Launch a Workbench Job immediately

The function launch_workbench_job() immediately launches a Workbench Job on the default Kubernetes cluster.

Usage

launch_workbench_job(
  job_name,
  project_path,
  script,
  n_cpu,
  n_ram
)

Arguments

job_name

A descriptive name to assign to the Workbench Job. Default is the filename of script.

project_path

The full file path to the root directory of the project that script should be run in e.g. /path/to/project/.

script

A file path to the R script to be run by the Workbench Job, relative to project path e.g. code/script.R.

n_cpu

The number of CPUs to request for the Workbench Job e.g. 1.0. Default is the default number of CPUs for a session as defined in the Kubernetes cluster.

n_ram

The amount of memory (RAM) in MiB to request for the Workbench Job e.g. 4096. Default is the default amount of memory for a session as defined in the Kubernetes cluster.

Examples

job_id <- launch_workbench_job(
  job_name = "A name for this job",
  project_path = here::here(),
  script = "code/script.R",
  n_cpu = 0.25,
  n_ram = 128
)

✔ A Workbench Job with id 'S3ViZXJuZXRlczp0ZXN0LXdvcmtiZW5jaC1qb2ItZnhzOWg=' and name 'A name for this job' has been
  launched on the cluster 'Kubernetes'.

Scheduling a Workbench Job

The function schedule_workbench_job() schedules a Workbench Job to launch on the default Kubernetes cluster at a specific time and/or at regular intervals.

Usage

schedule_workbench_job(
  job_name,
  schedule_name,
  due,
  rpt,
  project_path,
  script,
  n_cpu,
  n_ram
)

Arguments

job_name

A descriptive name to assign to the Workbench Job. Default is the filename of script.

schedule_name

A name, conforming to R variable naming conventions, of the event loop to schedule the Workbench Job on.
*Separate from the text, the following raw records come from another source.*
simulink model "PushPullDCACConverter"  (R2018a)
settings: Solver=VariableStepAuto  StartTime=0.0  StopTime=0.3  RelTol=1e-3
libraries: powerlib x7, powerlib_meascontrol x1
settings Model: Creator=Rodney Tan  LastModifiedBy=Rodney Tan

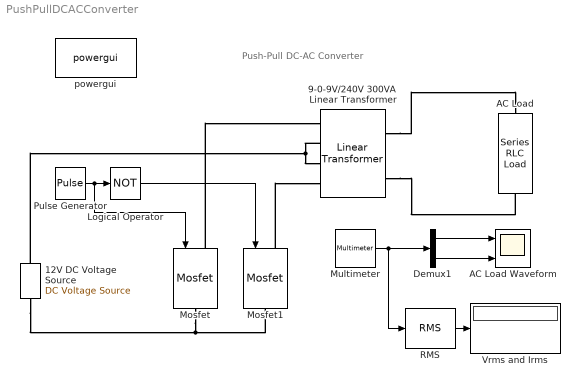
== system PushPullDCACConverter ==
  note: Push-Pull DC-AC Converter
  12V DC Voltage Source : powerlib/Electrical Sources/DC Voltage Source  Amplitude=12  Measurements=None
  9-0-9V/240V 300VA Linear Transformer : powerlib/Elements/Linear Transformer  UNITS=pu  NominalPower=[ 300 50 ]  winding1="[ 240  0.002  0.08 ]"  winding2="[ 9  0.002  0.08 ]"  ThreeWindings=on  winding3=[ 9 0.002 0.08 ]  RmLm=[ 500 500 ]  Measurements=None  DataType=off
  AC Load : powerlib/Elements/Series RLC Load  LConnTagsString=a  RConnTagsString=__new0  NominalVoltage=240  NominalFrequency=50  ActivePower=250  InductivePower=0  CapacitivePower=0  Setx0=off  InitialVoltage=0  SetiL0=off  InitialCurrent=0  Measurements=Branch voltage and current  LoadType=constant Z
  AC Load Waveform : Scope  NumInputPorts=2
  Demux1 : Demux  Outputs=2
  Logical Operator : Logic  Operator=NOT  AllPortsSameDT=off  OutDataTypeStr=boolean
  Mosfet : powerlib/Power Electronics/Mosfet  Ron=0.1  Lon=0  Rd=0.01  Vfd=0  IC=0  Rs=1e5  Cs=inf  Measurements=off
  Mosfet1 : powerlib/Power Electronics/Mosfet  Ron=0.1  Lon=0  Rd=0.01  Vfd=0  IC=0  Rs=1e5  Cs=inf  Measurements=off
  Multimeter : powerlib/Measurements/Multimeter  PhasorSimulation=off  OutputType=Complex  sel=[1 2]  L=2  Gain=[1 1]  yselected={'Ub: AC Load','Ib: AC Load'};  PSBOutputType=1  PSBequivalent=0  AxesSetting=[0,0.1,-100,100]  Display=0  SavedBlockNames=-11
  Pulse Generator : DiscretePulseGenerator  PulseType=Time based  Period=1/50  PulseWidth=50
  RMS : powerlib_meascontrol/Measurements/RMS  TrueRMS=on  Freq=50  RMSInit=0  Ts=0
  Vrms and Irms : Display
  powergui : powerlib/powergui  Priority=1  SimulationMode=Continuous  SampleTime=50e-6  frequency=60  Iterations=50  frequencyindice=0  Pbase=100e6  ErrMax=1e-4  UnitsV=kV  UnitsW=MW  buscounter=0  FunctionMessages=off  echomessages=off  EnableUseOfTLC=off  CurrentSourceSwitches=off  DisableSnubberDevices=off  DisableRonSwitches=off  DisableVfSwitches=off  DisplayEquations=off  SolverType=Tustin/Backward Euler (TBE)  Interpol=off  ExternalGateDelay=off  methode=off  Ts=100  x0status=blocks  SPID=on  SwTol=0  HookPort=off  RestoreLinks=warning  ResistiveCurrentMeasurement=off  Frange=[0:2:500]  Ylog=off  Xlog=on  ShowGrid=off  save=off  variable=ZData  structure=0  ZoomFFT=off  StartTime=0.0  cycles=1  DisplayStyle=1  fundamental=60  FreqAxis=off  MaxFrequency=1000  frequencyindicesteady=1  RmsSteady=1  display=off
  wires:
  Demux1/2 -> AC Load Waveform/2
  Demux1/1 -> AC Load Waveform/1
  RMS/1 -> Vrms and Irms/1
  Multimeter/1 -> Demux1/1, RMS/1
  Pulse Generator/1 -> Mosfet/1, Logical Operator/1
  Logical Operator/1 -> Mosfet1/1
  connections:
  Mosfet/LConn1 -- 9-0-9V/240V 300VA Linear Transformer/RConn1
  Mosfet1/LConn1 -- 9-0-9V/240V 300VA Linear Transformer/RConn4
  9-0-9V/240V 300VA Linear Transformer/RConn2 -- 12V DC Voltage Source/RConn1 -- 9-0-9V/240V 300VA Linear Transformer/RConn3
  Mosfet/RConn1 -- 12V DC Voltage Source/LConn1 -- Mosfet1/RConn1
  9-0-9V/240V 300VA Linear Transformer/LConn2 -- AC Load/RConn1
  9-0-9V/240V 300VA Linear Transformer/LConn1 -- AC Load/LConn1

If the event loop does not already exist, it will be created.

due

The date and time (as a POSIXct object) to run the Workbench Job.

rpt

Run the Workbench Job every rpt seconds after the first scheduled run. For example, to run once every day, this value should be 86,400 seconds. Defaults to NULL and the Workbench Job will only be run once at the date and time specified in due.

project_path

The full file path to the root directory of the project that script should be run in e.g. /path/to/project/.

script

A file path to the R script to be run by the Workbench Job, relative to project path e.g. code/script.R.

n_cpu

The number of CPUs to request for the Workbench Job e.g. 1.0. Default is the default number of CPUs for a session as defined in the Kubernetes cluster.

n_ram

The amount of memory (RAM) in MiB to request for the Workbench Job e.g. 4096. Default is the default amount of memory for a session as defined in the Kubernetes cluster.

Examples

schedule_workbench_job(
  job_name = "job_name_1",
  schedule_name = "schedule_1",
  due = lubridate::now() + lubridate::seconds(10),
  rpt = as.numeric(lubridate::as.duration("3 days")),
  project_path = here::here(),
  script = "code/test_launch_workbench_job_script.R",
  n_cpu = 0.25,
  n_ram = 128
)

ℹ The schedule 'schedule_1' will submit a Workbench Job with the name 'job_name_1' to be launched on Friday 13 January
  2023 at 12:37:33.
✔ A Workbench Job with id 'S3ViZXJuZXRlczpqb2ItbmFtZS0xLXg4bW1j' and name 'job_name_1' has been launched on the cluster
  'Kubernetes'.
ℹ The schedule 'schedule_1' will submit a Workbench Job with the name 'job_name_1' to be launched on Monday 16 January
  2023 at 12:37:33.

Cancelling a scheduled Workbench Job

A specific scheduled Workbench Job cannot be cancelled. Instead, please refer to cancelling a schedule

Cancelling a schedule

The function cancel_workbench_job_schedule() cancels a schedule created by the function schedule_workbench_job(). Cancelling a schedule destroys the event loop that runs the schedule, then removes the object from R's Global Environment.

Usage

cancel_workbench_job_schedule(
  schedule_name
)

Arguments

schedule_name

The name (as a string) of the schedule (event loop object) to cancel.

Examples

cancel_workbench_job_schedule("schedule_1")

✔ The schedule 'schedule_1' has successfully been cancelled.
ℹ No further Workbench Jobs that were scheduled on 'schedule_1' will be launched.
ℹ The schedule 'schedule_2' is still active.